Oops! It appears that you have disabled your Javascript. In order for you to see this page as it is meant to appear, we ask that you please re-enable your Javascript!
Flash
Préc Suiv

Secteur agricole: un régime fiscal spécifique en gestation

Secteur agricole: un régime fiscal spécifique en gestation

Le régime fiscal réel  n’est pas encore adapté aux exploitants agricoles à Madagascar, constate l’administration fiscale.

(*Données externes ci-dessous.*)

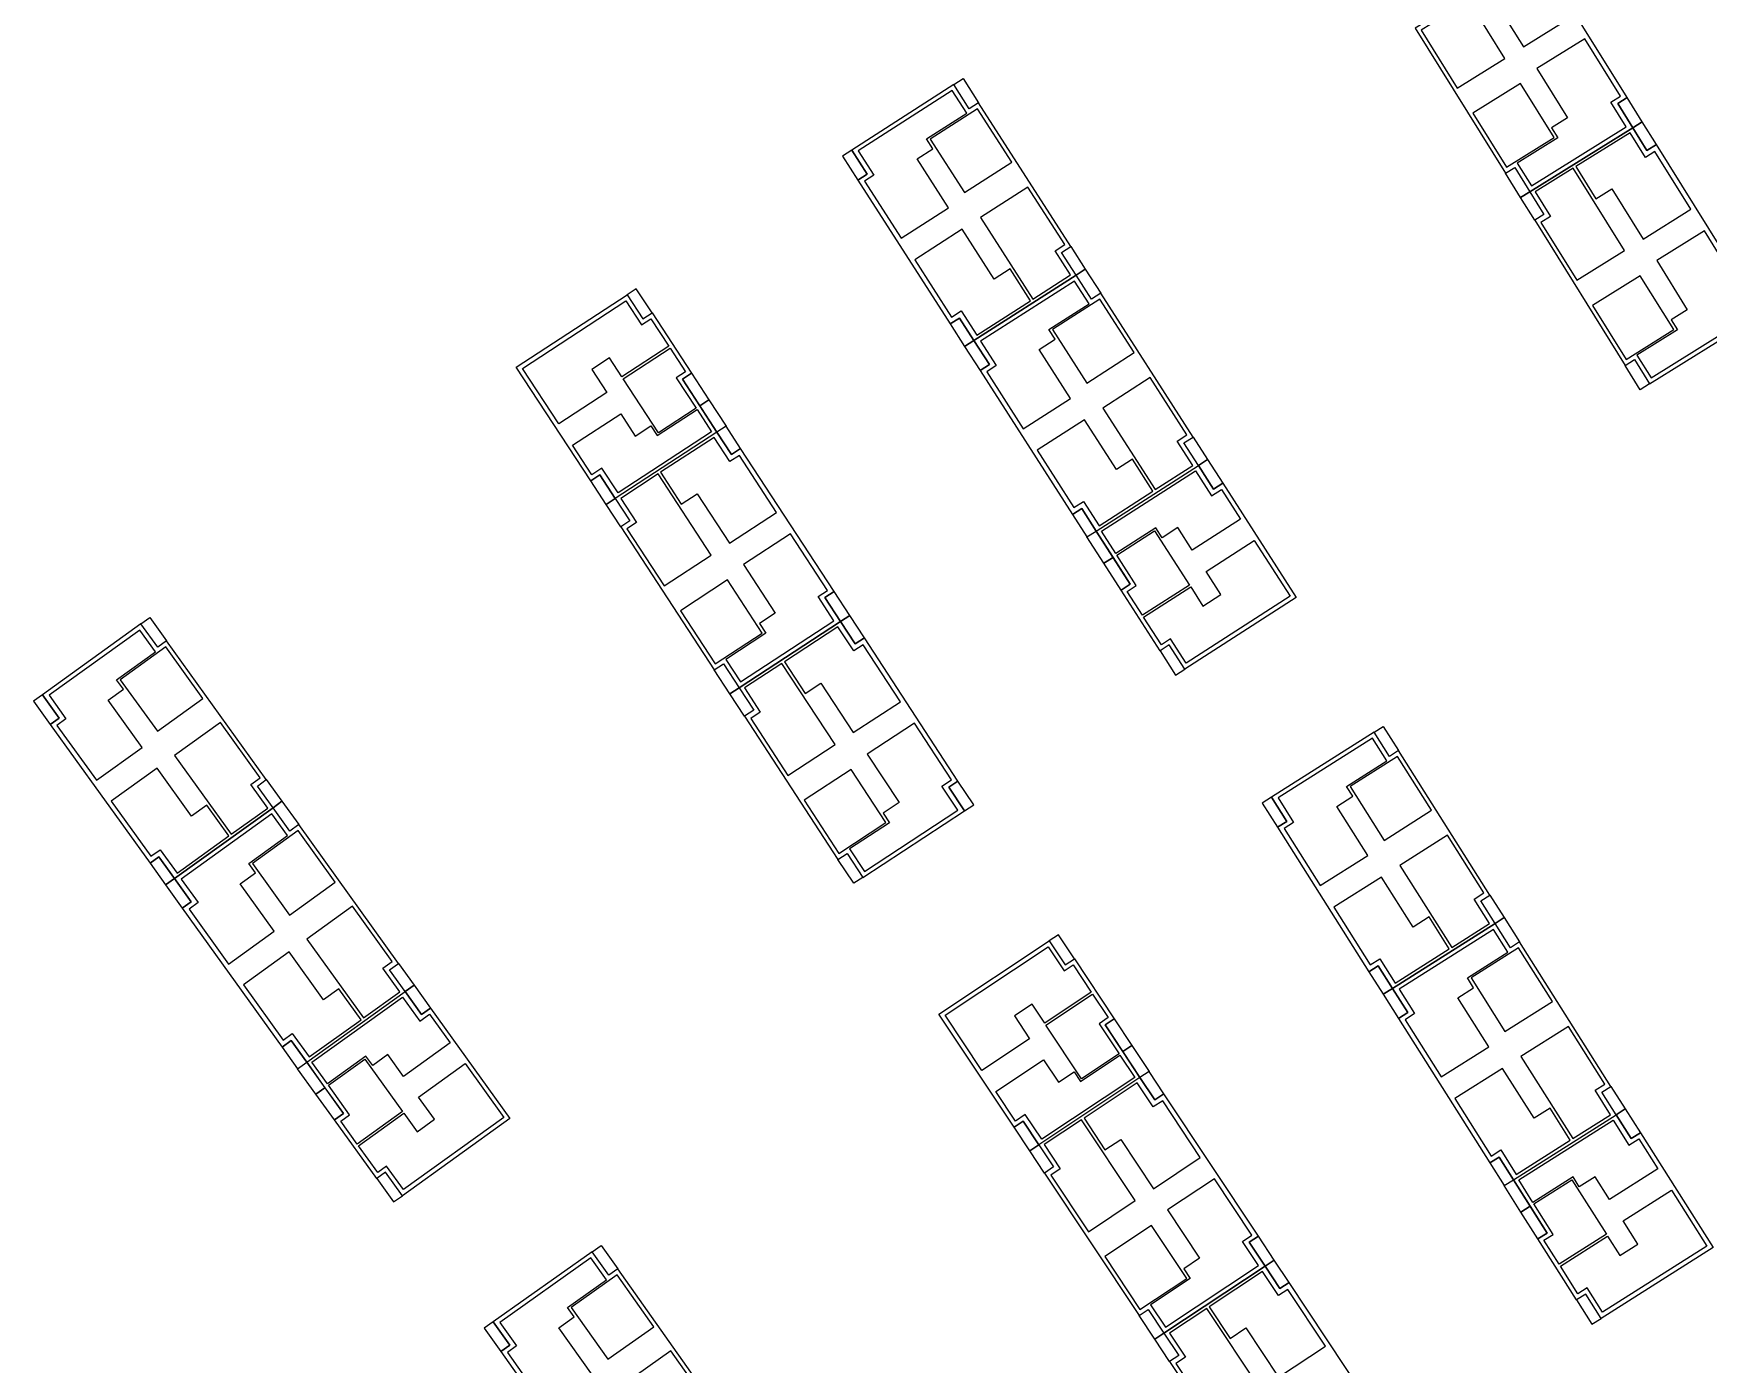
# Model space of a CAD drawing. Header units: millimetres. Extents: x 2243236 to 2245245, y 377909 to 380965.
# Drawn here: x 2244650.6 to 2244825.4, y 378515.9 to 378654.8 of the extents above; entities that cross this region are included whole.
import ezdxf

# ---------------------------------------------------------------- set-up
doc = ezdxf.new("R2010")
doc.units = ezdxf.units.MM
doc.layers.add('планировка_квартир_1_тип_контур', color=249, linetype='Continuous')

msp = doc.modelspace()

# ---------------------------------------------------------------- linework, layer by layer
at = {"layer": 'планировка_квартир_1_тип_контур', "color": 8}
for points in [[(2244794.3, 378658.33), (2244795.78, 378655.96), (2244794.81, 378655.36), (2244804.24, 378640.21), (2244805.21, 378640.82), (2244806.79, 378638.28), (2244817.54, 378644.97), (2244817.54, 378644.97), (2244815.96, 378647.51), (2244816.93, 378648.12), (2244807.5, 378663.26), (2244806.53, 378662.65), (2244805.05, 378665.02), (2244794.3, 378658.33)], [(2244759.43, 378629.59), (2244757.92, 378631.94), (2244758.88, 378632.56), (2244749.24, 378647.57), (2244748.28, 378646.95), (2244746.67, 378649.47), (2244736.01, 378642.63), (2244736.01, 378642.63), (2244737.63, 378640.11), (2244736.66, 378639.49), (2244746.3, 378624.48), (2244747.26, 378625.1), (2244748.77, 378622.75), (2244759.43, 378629.59)], [(2244806.79, 378638.28), (2244808.26, 378635.91), (2244807.29, 378635.31), (2244816.72, 378620.16), (2244817.69, 378620.77), (2244819.27, 378618.23), (2244830.02, 378624.92), (2244830.02, 378624.92), (2244828.44, 378627.46), (2244829.42, 378628.07), (2244819.99, 378643.21), (2244819.01, 378642.6), (2244817.54, 378644.97), (2244806.79, 378638.28)], [(2244772.19, 378609.71), (2244770.68, 378612.06), (2244771.64, 378612.68), (2244762, 378627.69), (2244761.04, 378627.08), (2244759.43, 378629.59), (2244748.77, 378622.75), (2244748.77, 378622.75), (2244750.39, 378620.24), (2244749.42, 378619.61), (2244759.05, 378604.6), (2244760.02, 378605.22), (2244761.53, 378602.87), (2244772.19, 378609.71)], [(2244711.33, 378606.27), (2244712.86, 378603.93), (2244711.9, 378603.31), (2244721.66, 378588.38), (2244722.62, 378589), (2244724.25, 378586.5), (2244734.85, 378593.42), (2244734.85, 378593.42), (2244733.22, 378595.92), (2244734.18, 378596.55), (2244724.42, 378611.49), (2244723.46, 378610.86), (2244721.93, 378613.2), (2244711.33, 378606.27)], [(2244675.62, 378573.99), (2244674, 378576.25), (2244674.92, 378576.92), (2244664.51, 378591.41), (2244663.58, 378590.74), (2244661.84, 378593.17), (2244651.56, 378585.78), (2244651.56, 378585.78), (2244653.3, 378583.35), (2244652.37, 378582.68), (2244662.78, 378568.19), (2244663.71, 378568.86), (2244665.34, 378566.6), (2244675.62, 378573.99)], [(2244724.25, 378586.5), (2244725.78, 378584.16), (2244724.82, 378583.54), (2244734.58, 378568.6), (2244735.54, 378569.22), (2244737.17, 378566.72), (2244747.77, 378573.65), (2244747.77, 378573.65), (2244746.14, 378576.15), (2244747.1, 378576.78), (2244737.34, 378591.71), (2244736.38, 378591.09), (2244734.85, 378593.42), (2244724.25, 378586.5)], [(2244803.15, 378561.91), (2244801.66, 378564.26), (2244802.62, 378564.87), (2244793.09, 378579.95), (2244792.12, 378579.34), (2244790.52, 378581.87), (2244779.82, 378575.1), (2244779.82, 378575.1), (2244781.42, 378572.57), (2244780.45, 378571.96), (2244789.99, 378556.88), (2244790.96, 378557.49), (2244792.45, 378555.14), (2244803.15, 378561.91)], [(2244689.41, 378554.81), (2244687.78, 378557.07), (2244688.71, 378557.74), (2244678.3, 378572.23), (2244677.37, 378571.56), (2244675.62, 378573.99), (2244665.34, 378566.6), (2244665.34, 378566.6), (2244667.09, 378564.17), (2244666.15, 378563.5), (2244676.56, 378549.01), (2244677.5, 378549.68), (2244679.13, 378547.42), (2244689.41, 378554.81)], [(2244815.78, 378541.94), (2244814.29, 378544.3), (2244815.25, 378544.91), (2244805.71, 378559.99), (2244804.75, 378559.38), (2244803.15, 378561.91), (2244792.45, 378555.14), (2244792.45, 378555.14), (2244794.05, 378552.61), (2244793.08, 378551.99), (2244802.61, 378536.92), (2244803.58, 378537.53), (2244805.08, 378535.17), (2244815.78, 378541.94)], [(2244755.54, 378538.82), (2244757.08, 378536.5), (2244756.13, 378535.86), (2244766, 378521), (2244766.95, 378521.63), (2244768.6, 378519.14), (2244779.15, 378526.14), (2244779.15, 378526.14), (2244777.5, 378528.63), (2244778.46, 378529.27), (2244768.6, 378544.13), (2244767.64, 378543.5), (2244766.09, 378545.82), (2244755.54, 378538.82)], [(2244722.57, 378508.36), (2244720.96, 378510.64), (2244721.89, 378511.29), (2244711.59, 378525.86), (2244710.66, 378525.2), (2244708.93, 378527.64), (2244698.59, 378520.33), (2244698.59, 378520.33), (2244700.32, 378517.89), (2244699.38, 378517.22), (2244709.68, 378502.66), (2244710.62, 378503.32), (2244712.24, 378501.04), (2244722.57, 378508.36)], [(2244768.6, 378519.14), (2244770.14, 378516.81), (2244769.19, 378516.18), (2244779.05, 378501.32), (2244780, 378501.95), (2244781.66, 378499.45), (2244792.21, 378506.46), (2244792.21, 378506.46), (2244790.56, 378508.95), (2244791.52, 378509.58), (2244781.65, 378524.45), (2244780.7, 378523.81), (2244779.15, 378526.14), (2244768.6, 378519.14)]]:
    msp.add_lwpolyline(points, dxfattribs=at)
at = {"layer": 'планировка_квартир_1_тип_контур', "color": 2}
for points in [[(2244811.11, 378656.51), (2244807.35, 378662.54), (2244806.35, 378661.92), (2244804.76, 378664.48), (2244799.1, 378660.95), (2244801.18, 378657.59), (2244802.86, 378658.64), (2244806.12, 378653.4)], [(2244798.84, 378660.79), (2244794.87, 378658.32), (2244796.46, 378655.76), (2244795.45, 378655.13), (2244799.21, 378649.09), (2244804.19, 378652.2)], [(2244823.6, 378636.46), (2244819.84, 378642.49), (2244818.84, 378641.87), (2244817.24, 378644.43), (2244811.59, 378640.9), (2244813.67, 378637.54), (2244815.35, 378638.59), (2244818.61, 378633.35)], [(2244811.32, 378640.74), (2244807.35, 378638.27), (2244808.95, 378635.71), (2244807.93, 378635.08), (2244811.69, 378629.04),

Elle travaille aujourd’hui à la mise en place d’un régime fiscal spécifique dédié aux paysans. 

Un nouveau régime fiscal destiné aux exploi­tants ruraux est en gestation, pour formaliser les activités dans le secteur agricole. Ceci devrait être intégré dans la loi de finances 2022.
« Nous avons déjà apporté des réformes à la loi de finances 2021 à travers la mise en place d’un minimum de perception pour toutes les activités à Ma­dagascar. Cela va se poursuivre avec ce nouveau régime fiscal dédié aux paysans. Ces derniers constituent une grande partie de la population malagasy, mais force est de constater que le faible niveau d’éducation en  milieu rural ne leur permet pas de procéder aux obligations fiscales suivant le régime existant ac­tuel », a expliqué Germain, Directeur général (DG) des impôts, à ce sujet.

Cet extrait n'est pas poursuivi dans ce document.